Help with converting values to columns

I have a dataset as follows:

cookie ID WebpageType  other vairable
12345 news, news, sports, fashion  
12345 news, blog, sports  
55555 fashion, food, women,  
88888 food, food, food, livestyle  

What i want is something alog the line of this:


cookie ID news sports fashion blog food women livestyle    
12345 3 2 1 1 0 0 0    
55555 0 0 1 0 1 1 0    
88888 0 0 0 0 3 0 1    

I have tried the GroupBy node, goruping the cookie Id´s and aggregating the column of WebpageType with unique concatenate with count, and its the closest i have come, but i cant use that for the clustering i want to do afterwards. Can anyone help?
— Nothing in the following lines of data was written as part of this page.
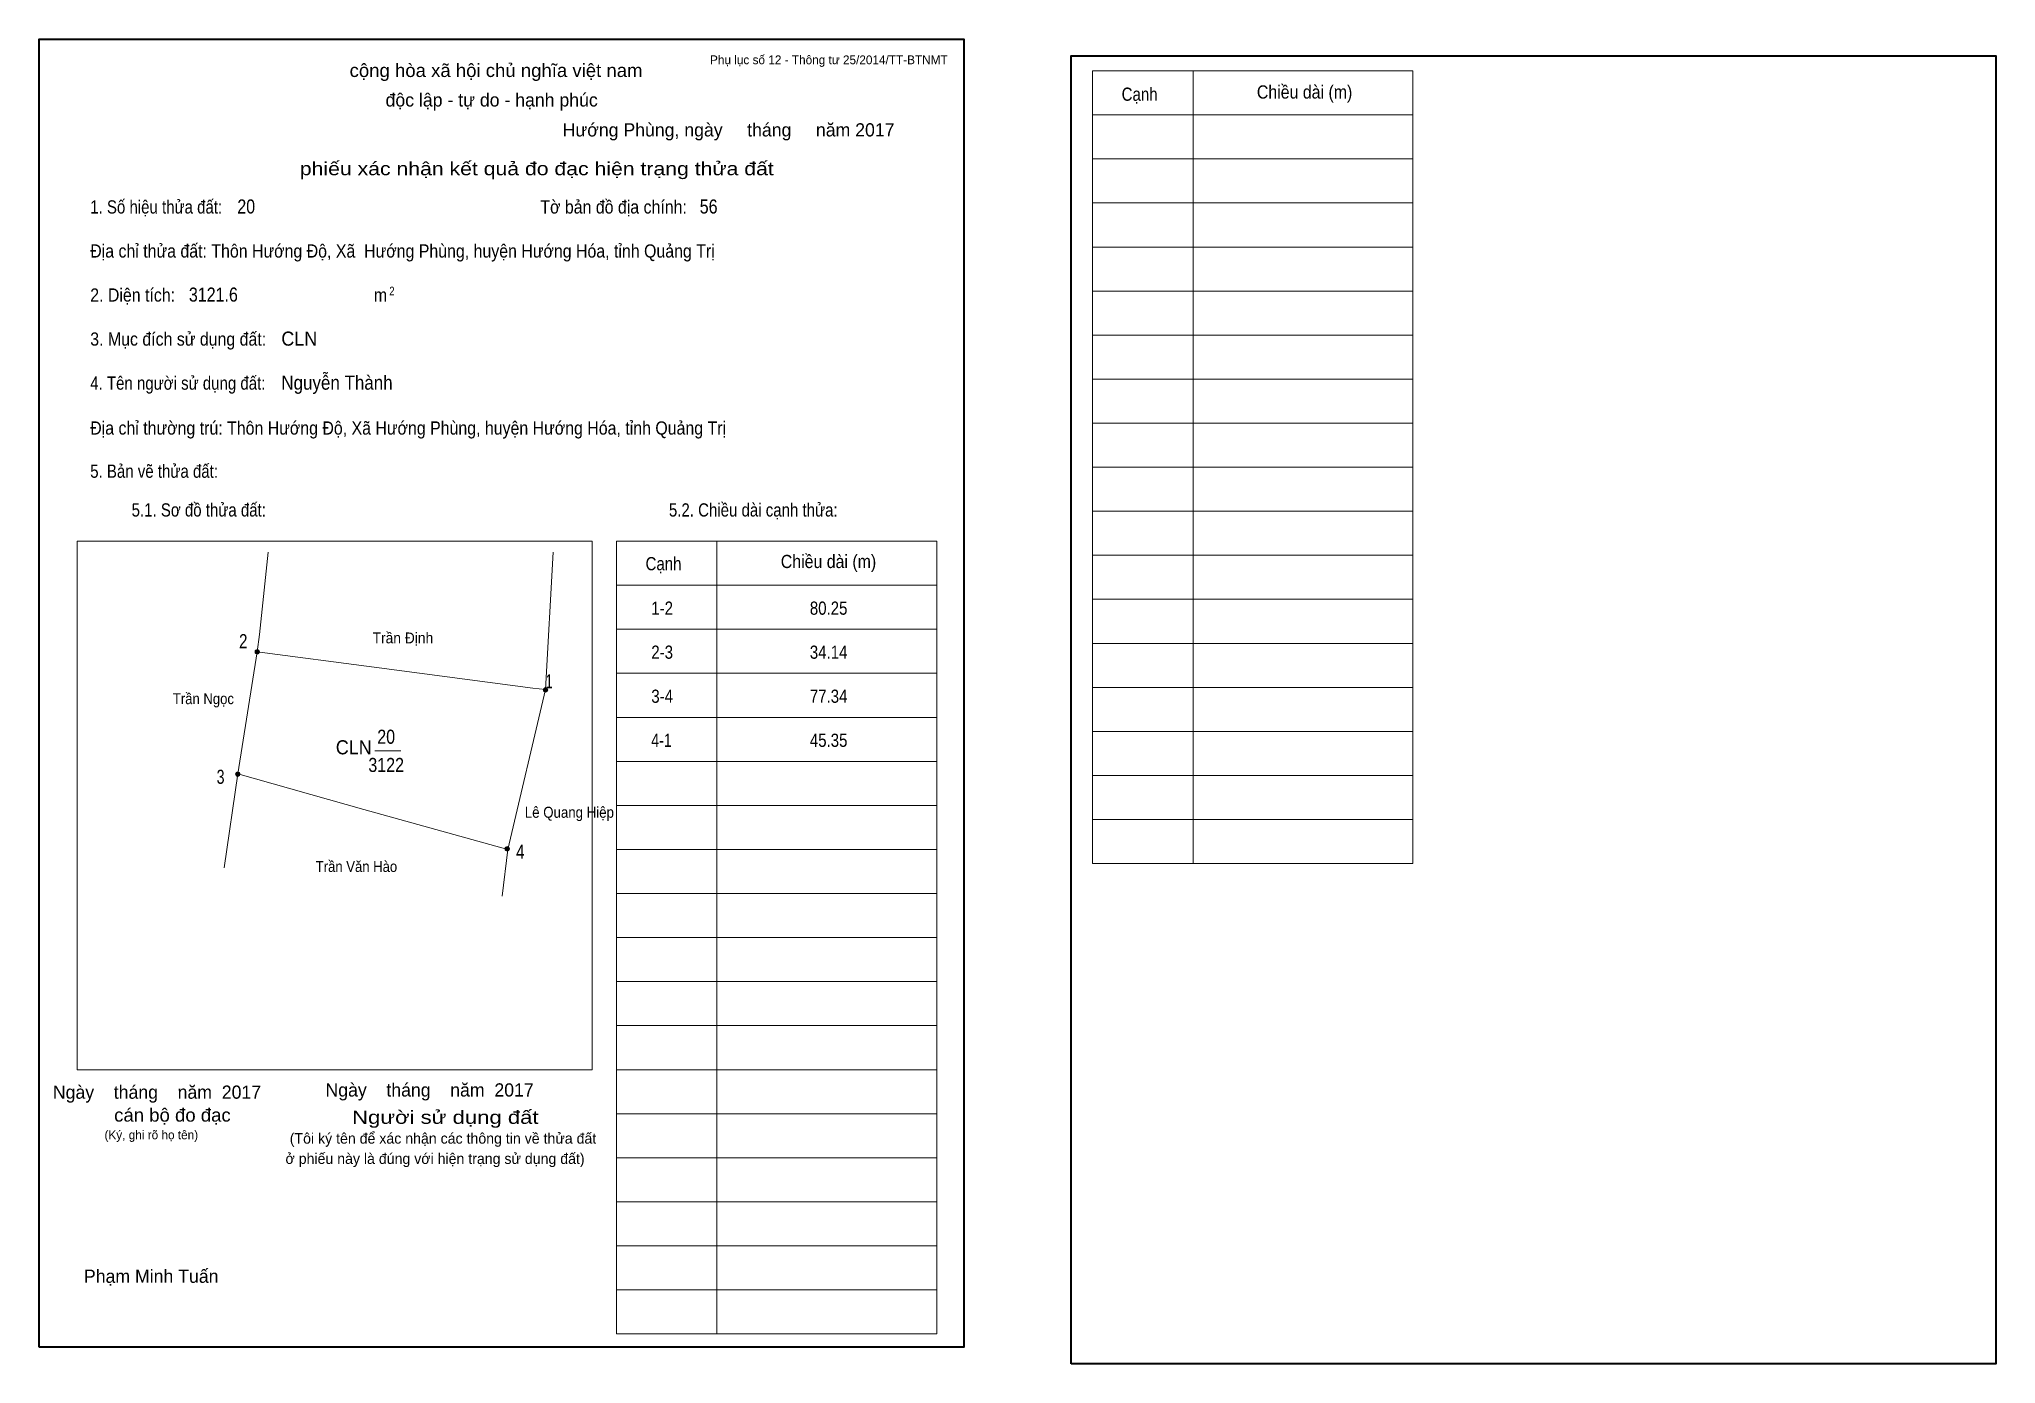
# Model space of a CAD drawing. Header units: centimetres. Extents: x 0 to 44.4, y -0.4 to 29.7.
import ezdxf
from ezdxf.enums import TextEntityAlignment as Align

# ---------------------------------------------------------------- set-up
doc = ezdxf.new("R2010")
doc.units = ezdxf.units.CM
doc.header["$LTSCALE"] = 0.12
for name, color, linetype in [('2', 7, 'Continuous'), ('30', 7, 'Continuous'), ('34', 7, 'Continuous')]:
    doc.layers.add(name, color=color, linetype=linetype)
for name, color, linetype, lineweight in [('32', 7, 'Continuous', 13), ('33', 7, 'Continuous', 13), ('6', 7, 'Continuous', 13), ('63', 7, 'Continuous', 13)]:
    doc.layers.add(name, color=color, linetype=linetype, lineweight=lineweight)

msp = doc.modelspace()

# ---------------------------------------------------------------- hatches: boundary and pattern name
at = {"layer": '32'}
for points in [[(5.0027, 15.7876, 1), (4.9027, 15.7876, 1)], [(11.55, 14.9219, 1), (11.45, 14.9219, 1)], [(4.5608, 13.0127, 1), (4.4608, 13.0127, 1)], [(10.6789, 11.3151, 1), (10.5789, 11.3151, 1)]]:
    msp.add_hatch(color=256, dxfattribs=at).paths.add_polyline_path(points)

# ---------------------------------------------------------------- linework, layer by layer
for centre in [(4.9527, 15.7876), (11.5, 14.9219), (4.5108, 13.0127), (10.6289, 11.3151)]:
    msp.add_circle(centre, 0.05, dxfattribs=at)
at = {"layer": '33'}
msp.add_line((7.62, 13.54), (8.21, 13.54), dxfattribs=at)
at = {"layer": '6'}
for p, q in [((11.67, 18.05), (11.5, 14.93)), ((11.5, 14.93), (10.64, 11.3)), ((10.64, 11.3), (10.51, 10.24))]:
    msp.add_line(p, q, dxfattribs=at)
for points in [[(5.2, 18.05), (5, 16.18), (4.95, 15.79)], [(4.95, 15.79), (4.51, 13.02), (4.2, 10.88)], [(11.21, 14.96), (7.61, 15.44), (4.95, 15.79)], [(4.51, 13.02), (7.37, 12.21), (10.64, 11.3)]]:
    msp.add_lwpolyline(points, dxfattribs=at)
at = {"layer": '63'}
for p, q in [((23.92, 28.98), (31.19, 28.98)), ((23.92, 10.98), (23.92, 28.98)), ((26.2, 10.98), (26.2, 28.98)), ((31.19, 10.98), (31.19, 28.98)), ((23.92, 27.98), (31.19, 27.98)), ((23.92, 26.98), (31.19, 26.98)), ((23.92, 25.98), (31.19, 25.98)), ((23.92, 24.98), (31.19, 24.98)), ((23.92, 23.98), (31.19, 23.98)), ((23.92, 22.98), (31.19, 22.98)), ((23.92, 21.98), (31.19, 21.98)), ((23.92, 20.98), (31.19, 20.98)), ((23.92, 19.98), (31.19, 19.98)), ((23.92, 18.98), (31.19, 18.98)), ((0.86, 18.3), (12.56, 18.3)), ((0.86, 6.3), (0.86, 18.3)), ((12.56, 6.3), (12.56, 18.3)), ((13.11, 18.3), (20.38, 18.3)), ((13.11, 0.3), (13.11, 18.3)), ((15.39, 0.3), (15.39, 18.3)), ((20.38, 0.3), (20.38, 18.3)), ((23.92, 17.98), (31.19, 17.98)), ((13.11, 17.3), (20.38, 17.3)), ((23.92, 16.98), (31.19, 16.98)), ((13.11, 16.3), (20.38, 16.3)), ((23.92, 15.98), (31.19, 15.98)), ((13.11, 15.3), (20.38, 15.3)), ((11.21, 14.96), (11.5, 14.93)), ((23.92, 14.98), (31.19, 14.98)), ((13.11, 14.3), (20.38, 14.3)), ((23.92, 13.98), (31.19, 13.98)), ((13.11, 13.3), (20.38, 13.3)), ((23.92, 12.98), (31.19, 12.98)), ((13.11, 12.3), (20.38, 12.3)), ((23.92, 11.98), (31.19, 11.98)), ((13.11, 11.3), (20.38, 11.3)), ((23.92, 10.98), (31.19, 10.98)), ((13.11, 10.3), (20.38, 10.3)), ((13.11, 9.3), (20.38, 9.3)), ((13.11, 8.3), (20.38, 8.3)), ((13.11, 7.3), (20.38, 7.3)), ((0.86, 6.3), (12.56, 6.3)), ((13.11, 6.3), (20.38, 6.3)), ((13.11, 5.3), (20.38, 5.3)), ((13.11, 4.3), (20.38, 4.3)), ((13.11, 3.3), (20.38, 3.3)), ((13.11, 2.3), (20.38, 2.3)), ((13.11, 1.3), (20.38, 1.3)), ((13.11, 0.3), (20.38, 0.3))]:
    msp.add_line(p, q, dxfattribs=at)
at = {"layer": '63', "lineweight": 35}
for points in [[(0, 0), (0, 29.7), (21, 29.7), (21, 0)], [(23.43, -0.38), (23.43, 29.32), (44.43, 29.32), (44.43, -0.38)]]:
    msp.add_lwpolyline(points, close=True, dxfattribs=at)

# ---------------------------------------------------------------- texts
at = {"layer": '2'}
for s, height, width, p in [('Trần Định', 0.2468, 0.95, (8.26, 15.98)), ('Trần Ngọc', 0.2468, 0.9, (3.73, 14.6)), ('Lê Quang Hiệp', 0.25, 0.9, (12.04, 12.02)), ('Trần Văn Hào', 0.2468, 0.9, (7.205, 10.79))]:
    msp.add_text(s, height=height, dxfattribs=dict(at, width=width)).set_placement(p, align=Align.CENTER)
at = {"layer": '30'}
for s, width, p in [('1-2', 0.85, (13.9, 16.63)), ('80.25', 0.85, (17.5, 16.63)), ('2-3', 0.85, (13.9, 15.63)), ('34.14', 0.85, (17.5, 15.63)), ('3-4', 0.85, (13.9, 14.63)), ('77.34', 0.85, (17.5, 14.63)), ('4-1', 0.8, (13.9, 13.63)), ('45.35', 0.85, (17.5, 13.63))]:
    msp.add_text(s, height=0.3, dxfattribs=dict(at, width=width)).set_placement(p)
at = {"layer": '32'}
for s, width, p in [('2', 0.8, (4.635, 15.87)), ('1', 0.65, (11.58, 14.96)), ('3', 0.75, (4.12, 12.79)), ('4', 0.8, (10.925, 11.09))]:
    msp.add_text(s, height=0.32, dxfattribs=dict(at, width=width)).set_placement(p, align=Align.CENTER)
at = {"layer": '33', "width": 0.95}
msp.add_text('CLN', height=0.32, dxfattribs=at).set_placement((7.55, 13.46), align=Align.RIGHT)
at = {"layer": '33', "width": 0.85}
for s, p in [('20', (7.88, 13.7)), ('3122', (7.88, 13.06))]:
    msp.add_text(s, height=0.32, dxfattribs=at).set_placement(p, align=Align.CENTER)
at = {"layer": '34'}
for s, width, p in [('20', 0.85, (4.5, 25.74)), ('56', 0.85, (15, 25.74)), ('3121.6', 0.85, (3.4, 23.74)), ('CLN', 0.95, (5.5, 22.74)), ('Nguyễn Thành', 0.9, (5.5, 21.74))]:
    msp.add_text(s, height=0.32, dxfattribs=dict(at, width=width)).set_placement(p)
at = {"layer": '63'}
for s, height, p in [('Phụ lục số 12 - Thông tư 25/2014/TT-BTNMT', 0.2, (20.63, 29.13)), ('Ngày    tháng    năm  2017', 0.3, (5.04, 5.64)), ('Ngày    tháng    năm  2017', 0.3, (11.23, 5.69)), ('(Ký, ghi rõ họ tên)', 0.2, (3.61, 4.72))]:
    msp.add_text(s, height=height, dxfattribs=at).set_placement(p, align=Align.RIGHT)
at = {"layer": '63', "width": 1.05}
msp.add_text('cộng hòa xã hội chủ nghĩa việt nam', height=0.3, dxfattribs=at).set_placement((10.375, 28.84), align=Align.CENTER)
at = {"layer": '63'}
for s, height, p in [('độc lập - tự do - hạnh phúc', 0.3, (10.275, 28.17)), ('Hướng Phùng, ngày     tháng     năm 2017', 0.3, (15.655, 27.49)), ('(Tôi ký tên để xác nhận các thông tin về thửa đất ', 0.24, (9.215, 4.62)), ('ở phiếu này là đúng với hiện trạng sử dụng đất)', 0.24, (8.99, 4.16)), ('Phạm Minh Tuấn', 0.3, (2.545, 1.46))]:
    msp.add_text(s, height=height, dxfattribs=at).set_placement(p, align=Align.CENTER)
for s, height, width, p in [('Cạnh', 0.3, 0.85, (24.58, 28.3)), ('Chiều dài (m)', 0.3, 0.9, (27.65, 28.35)), ('1. Số hiệu thửa đất:', 0.3, 0.85, (1.16, 25.74)), ('Tờ bản đồ địa chính:', 0.3, 0.9, (11.38, 25.74)), ('Địa chỉ thửa đất: Thôn Hướng Độ, Xã  Hướng Phùng, huyện Hướng Hóa, tỉnh Quảng Trị', 0.3, 0.9, (1.16, 24.74)), ('2. Diện tích:', 0.3, 0.9, (1.16, 23.74)), ('2', 0.2, 0.8, (7.95, 23.88)), ('m', 0.3, 0.9, (7.6, 23.74)), ('3. Mục đích sử dụng đất:', 0.3, 0.9, (1.16, 22.74)), ('4. Tên người sử dụng đất:', 0.3, 0.85, (1.16, 21.74)), ('Địa chỉ thường trú: Thôn Hướng Độ, Xã Hướng Phùng, huyện Hướng Hóa, tỉnh Quảng Trị', 0.3, 0.9, (1.16, 20.72)), ('5. Bản vẽ thửa đất:', 0.3, 0.85, (1.16, 19.74)), ('5.1. Sơ đồ thửa đất:', 0.3, 0.85, (2.1, 18.86)), ('5.2. Chiều dài cạnh thửa:', 0.3, 0.85, (14.3, 18.86)), ('Cạnh', 0.3, 0.85, (13.77, 17.64)), ('Chiều dài (m)', 0.3, 0.9, (16.84, 17.69))]:
    msp.add_text(s, height=height, dxfattribs=dict(at, width=width)).set_placement(p)
for s, width, p in [('phiếu xác nhận kết quả đo đạc hiện trạng thửa đất', 1.2, (16.68, 26.61)), ('cán bộ đo đạc', 1.05, (4.35, 5.12)), ('Người sử dụng đất', 1.25, (11.34, 5.07))]:
    msp.add_text(s, height=0.3, dxfattribs=dict(at, width=width)).set_placement(p, align=Align.RIGHT)

doc.saveas('drawing.dxf')

I think you should be able to do this using the following sequence:

  • Cell Splitter to split your WebpageType column on each comma
  • Unpivoting (Value columns: enforce exclusion of cookie ID and WebpageType;  Retained columns: enforce inclusion of cookie ID)
  • GroupBy (Group columns ColumnValues and cookie ID; manual aggregation Count of RowIDs)
  • Pivoting (Groups: cookie ID; Pivots: columnValues; Manual Aggregation: Maximum of Count(RowIDs); pass Pivot Table outport to
  • Missing Value (replace missing Number (Integer) with fixed value 0)
  • and finally Column Rename (Regex) with search string ([a-z]+)\+.* and replace string $1 to fix the column names.